Instructions to follow.
Print word for word the records from the line containing "- U8 pad 56: unconnected-(U8-PB4-Pad56)" through the end.

-- Records for the exercise follows --

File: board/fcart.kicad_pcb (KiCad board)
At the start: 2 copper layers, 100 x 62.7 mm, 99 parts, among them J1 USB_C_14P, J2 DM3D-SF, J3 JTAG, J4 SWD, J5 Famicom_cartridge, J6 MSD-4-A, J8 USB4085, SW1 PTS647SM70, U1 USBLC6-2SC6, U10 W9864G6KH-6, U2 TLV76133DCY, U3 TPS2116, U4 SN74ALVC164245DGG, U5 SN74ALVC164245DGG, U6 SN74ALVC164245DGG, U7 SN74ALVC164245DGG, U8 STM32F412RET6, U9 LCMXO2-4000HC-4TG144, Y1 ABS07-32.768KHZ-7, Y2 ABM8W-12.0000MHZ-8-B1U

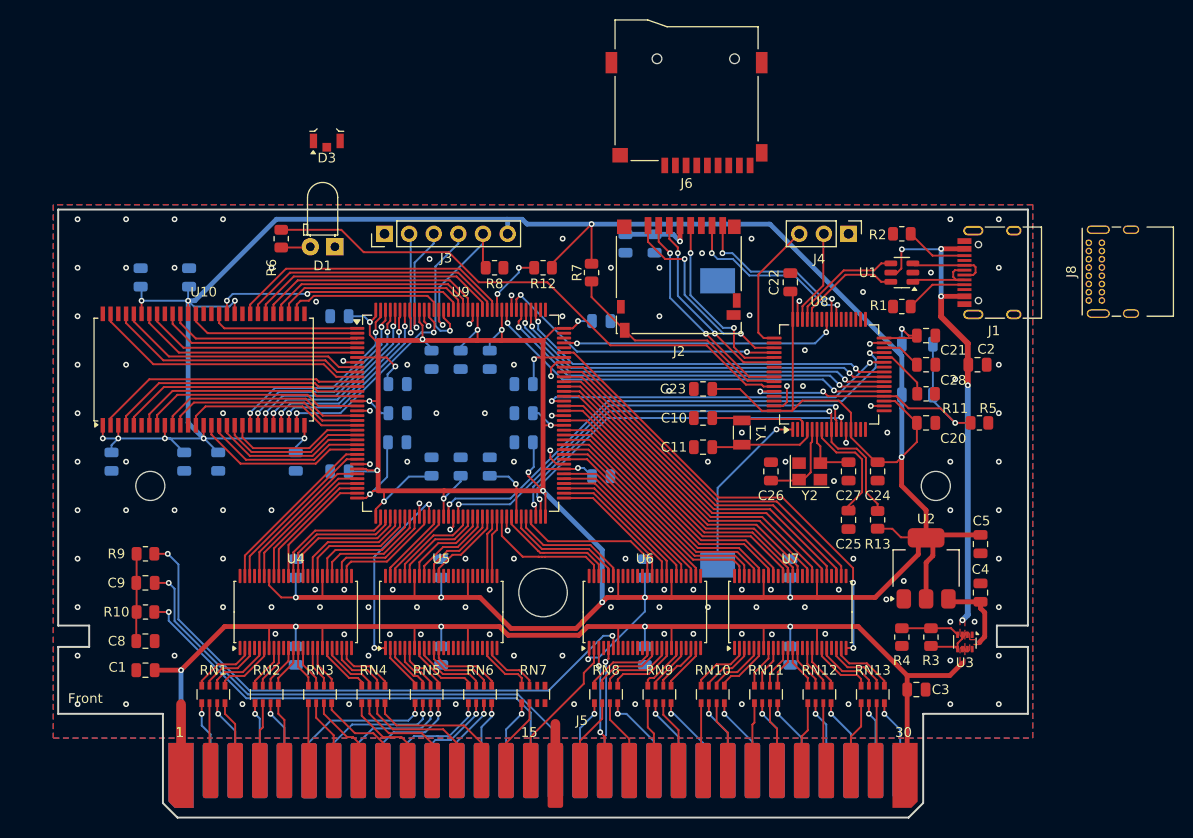
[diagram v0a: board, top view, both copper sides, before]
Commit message: Switch to fpga MAX10
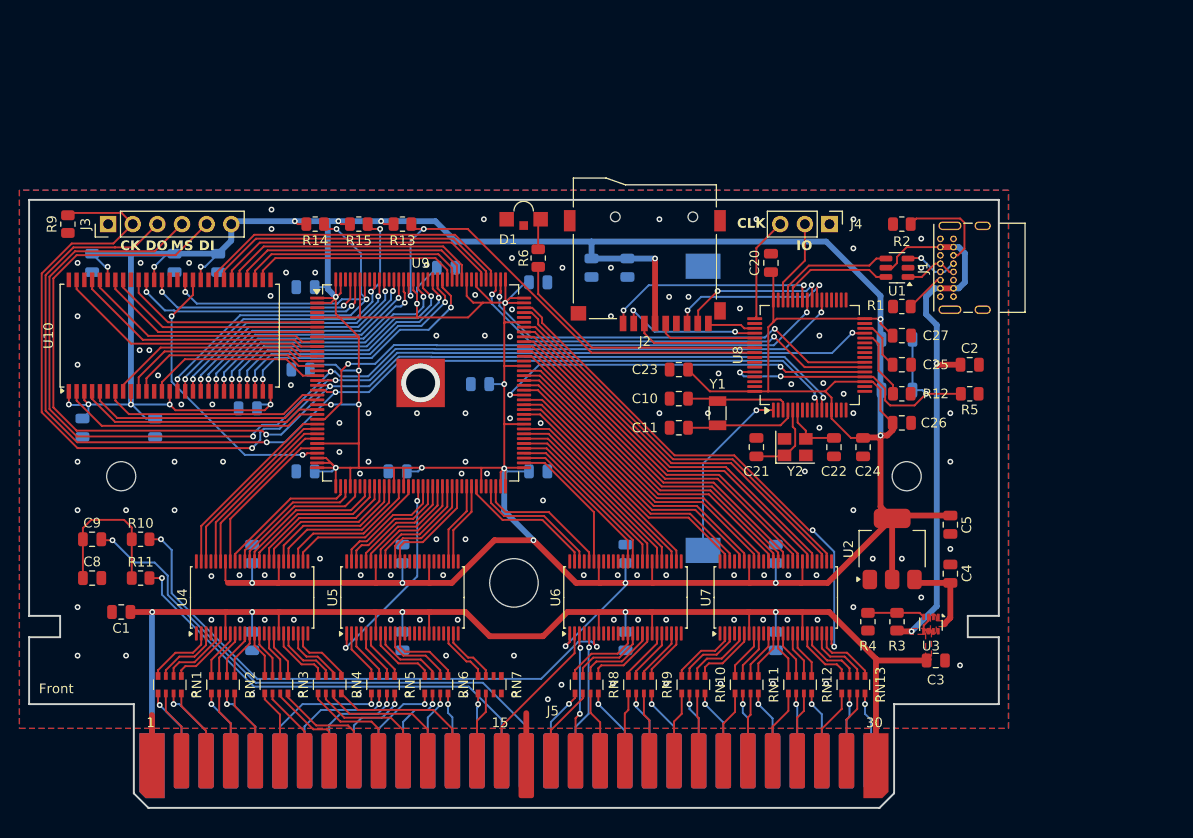
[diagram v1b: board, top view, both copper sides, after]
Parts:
- removed C42, C43, C44, C45, C46, C47, C48, C49, C50: 0.1u, Capacitor_SMD:C_0805_2012Metric
- removed D3: LTST-S326KGJRKT, LED_SMD:LED_LiteOn_LTST-S326
- removed J6: MSD-4-A, fcart:microSD_HC_Same_Sky_MSD-4-A
- removed J8: USB4085, Connector_USB:USB_C_Receptacle_GCT_USB4085
- removed R7: 10k, Resistor_SMD:R_0805_2012Metric
- removed R8: 5.1k, Resistor_SMD:R_0805_2012Metric
- added R14: 10k, Resistor_SMD:R_0805_2012Metric, F.Cu at (129.5, 70.5)
- added R15: 10k, Resistor_SMD:R_0805_2012Metric, F.Cu at (134.0, 70.5)
- C21, C22: value 0.1u -> 6.8p
- C25, C7: value 0.1u -> 4.7u
- C26, C27: value 6.8p -> 0.1u
- C28: value 4.7u -> 0.1u; moved to B.Cu
- C6: value 4.7u -> 0.1u
- D1: value LED 3mm -> LTST-S321KRKT; footprint LED_THT:LED_D3.0mm_Horizontal_O1.27mm_Z2.0mm -> fcart:LED_1208_Horizontal_3210Metric
- J1: value USB_C_14P -> USB4085; footprint Connector_USB:USB_C_Receptacle_HRO_TYPE-C-31-M-12 -> Connector_USB:USB_C_Receptacle_GCT_USB4085
- J2: value DM3D-SF -> MSD-4-A; footprint Connector_Card:microSD_HC_Hirose_DM3D-SF -> fcart:microSD_HC_Same_Sky_MSD-4-A
- R10: value 100 -> 1k
- R11: value 10k -> 100
- R9: value 1k -> 5.1k
- U9: value LCMXO2-4000HC-4TG144 -> 10M04SCE144C8G; footprint Package_QFP:TQFP-144_20x20mm_P0.5mm -> Package_QFP:EQFP-144-1EP_20x20mm_P0.5mm_EP5x5mm
- moved R11 83.2 mm to (111.5, 107.0)
- moved R13 57.7 mm to (138.5, 70.5), turned to 0 degrees
- moved C32 46.2 mm to (106.5, 74.5), turned to -90 degrees
- moved C28 40.9 mm to (152.5, 76.5)
- moved R12 39.2 mm to (190.0, 88.0), turned to 0 degrees
- moved C33 39.2 mm to (115.0, 74.5), turned to -90 degrees
- moved C34 36.5 mm to (119.5, 74.5), turned to -90 degrees
- moved C35 36.2 mm to (105.5, 91.5), turned to -90 degrees
- moved R9 34.9 mm to (104.0, 70.5), turned to 90 degrees
- moved C36 31.8 mm to (113.0, 91.5), turned to -90 degrees
- moved J3 28.5 mm to (108.2, 70.5)
- moved R6 26.6 mm to (152.5, 74.0), turned to -90 degrees
- moved C37 25.7 mm to (122.5, 89.5), turned to 180 degrees
- moved C20 23.0 mm to (176.5, 74.5), turned to 90 degrees
- moved C21 20.9 mm to (175.0, 93.5), turned to -90 degrees
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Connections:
- C21 pad 1: +3V3 -> GND
- C21 pad 2: GND -> Net-(U8-PH0)
- C22 pad 1: +3V3 -> GND
- C22 pad 2: GND -> Net-(U8-PH1)
- C25 pad 1: GND -> Net-(U8-VCAP_1)
- C25 pad 2: Net-(U8-NRST) -> GND
- C26 pad 1: GND -> +3V3
- C26 pad 2: Net-(U8-PH0) -> GND
- C27 pad 1: GND -> +3V3
- C27 pad 2: Net-(U8-PH1) -> GND
- C28 pad 1: Net-(U8-VCAP_1) -> +3V3
- J1 pad A8: (no net) -> unconnected-(J1-SBU1-PadA8)
- J1 pad B8: (no net) -> unconnected-(J1-SBU2-PadB8)
- J2 pad 10: SD_DET -> GND
- J2 pad 9: GND -> SD_DET
- J3 pad 2: TDO -> TCK
- J3 pad 3: TDI -> TDO
- J3 pad 5: TCK -> TDI
- R10 pad 2: SND_IN_5V -> SND_SYN_5V
- R11 pad 1: Net-(U8-PB2) -> Net-(C8-Pad1)
- R11 pad 2: GND -> SND_IN_5V
- R12 pad 1: +3V3 -> Net-(U8-PB2)
- R12 pad 2: Net-(U9A-PT23D/BANK0/C/PROGRAMN) -> GND
- R9 pad 1: Net-(C8-Pad1) -> GND
- R9 pad 2: SND_SYN_5V -> TCK
- U10 pad 15: SDRAM_LDQM -> SDRAM_DQM
- U10 pad 39: SDRAM_UDQM -> SDRAM_DQM
- U8 pad 10: SPI_MISO -> TDO
- U8 pad 11: SPI_MOSI -> TDI
- U8 pad 21: QSPI_IRQ -> SPI_SCK
- U8 pad 22: QSPI_IO0 -> SPI_MISO
- U8 pad 23: QSPI_IO1 -> SPI_MOSI
- U8 pad 24: QSPI_IO2 -> unconnected-(U8-PC4-Pad24)
- U8 pad 25: QSPI_IO3 -> unconnected-(U8-PC5-Pad25)
- U8 pad 27: QSPI_CLK -> unconnected-(U8-PB1-Pad27)
- U8 pad 29: SPI_CLK -> TCK
- U8 pad 38: unconnected-(U8-PC7-Pad38) -> TMS
- U8 pad 42: unconnected-(U8-PA9-Pad42) -> SD_DAT2
- U8 pad 51: SD_DAT2 -> SD_DET
- U8 pad 52: QSPI_CS -> SD_DAT3
- U8 pad 55: unconnected-(U8-PB3-Pad55) -> LED
- U8 pad 56: unconnected-(U8-PB4-Pad56) -> SPI_CS
- U8 pad 57: SD_DAT3 -> unconnected-(U8-PB5-Pad57)
- U8 pad 58: SD_DET -> unconnected-(U8-PB6-Pad58)
- U8 pad 59: LED -> unconnected-(U8-PB7-Pad59)
- U8 pad 7: Net-(U8-NRST) -> unconnected-(U8-NRST-Pad7)
- U8 pad 9: SPI_CS -> unconnected-(U8-PC1-Pad9)
- U9 pad 1: SDRAM_UDQM -> +3V3
- U9 pad 10: SDRAM_DQ14 -> SDRAM_DQ13
- U9 pad 100: PPU_D4 -> PPU_D2
- U9 pad 101: GND -> PPU_D5
- U9 pad 102: +3V3 -> PPU_D3
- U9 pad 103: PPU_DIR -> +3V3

-- Records for the exercise concluded --

The completed task.
- U8 pad 56: unconnected-(U8-PB4-Pad56) -> SPI_CS
- U8 pad 57: SD_DAT3 -> unconnected-(U8-PB5-Pad57)
- U8 pad 58: SD_DET -> unconnected-(U8-PB6-Pad58)
- U8 pad 59: LED -> unconnected-(U8-PB7-Pad59)
- U8 pad 7: Net-(U8-NRST) -> unconnected-(U8-NRST-Pad7)
- U8 pad 9: SPI_CS -> unconnected-(U8-PC1-Pad9)
- U9 pad 1: SDRAM_UDQM -> +3V3
- U9 pad 10: SDRAM_DQ14 -> SDRAM_DQ13
- U9 pad 100: PPU_D4 -> PPU_D2
- U9 pad 101: GND -> PPU_D5
- U9 pad 102: +3V3 -> PPU_D3
- U9 pad 103: PPU_DIR -> +3V3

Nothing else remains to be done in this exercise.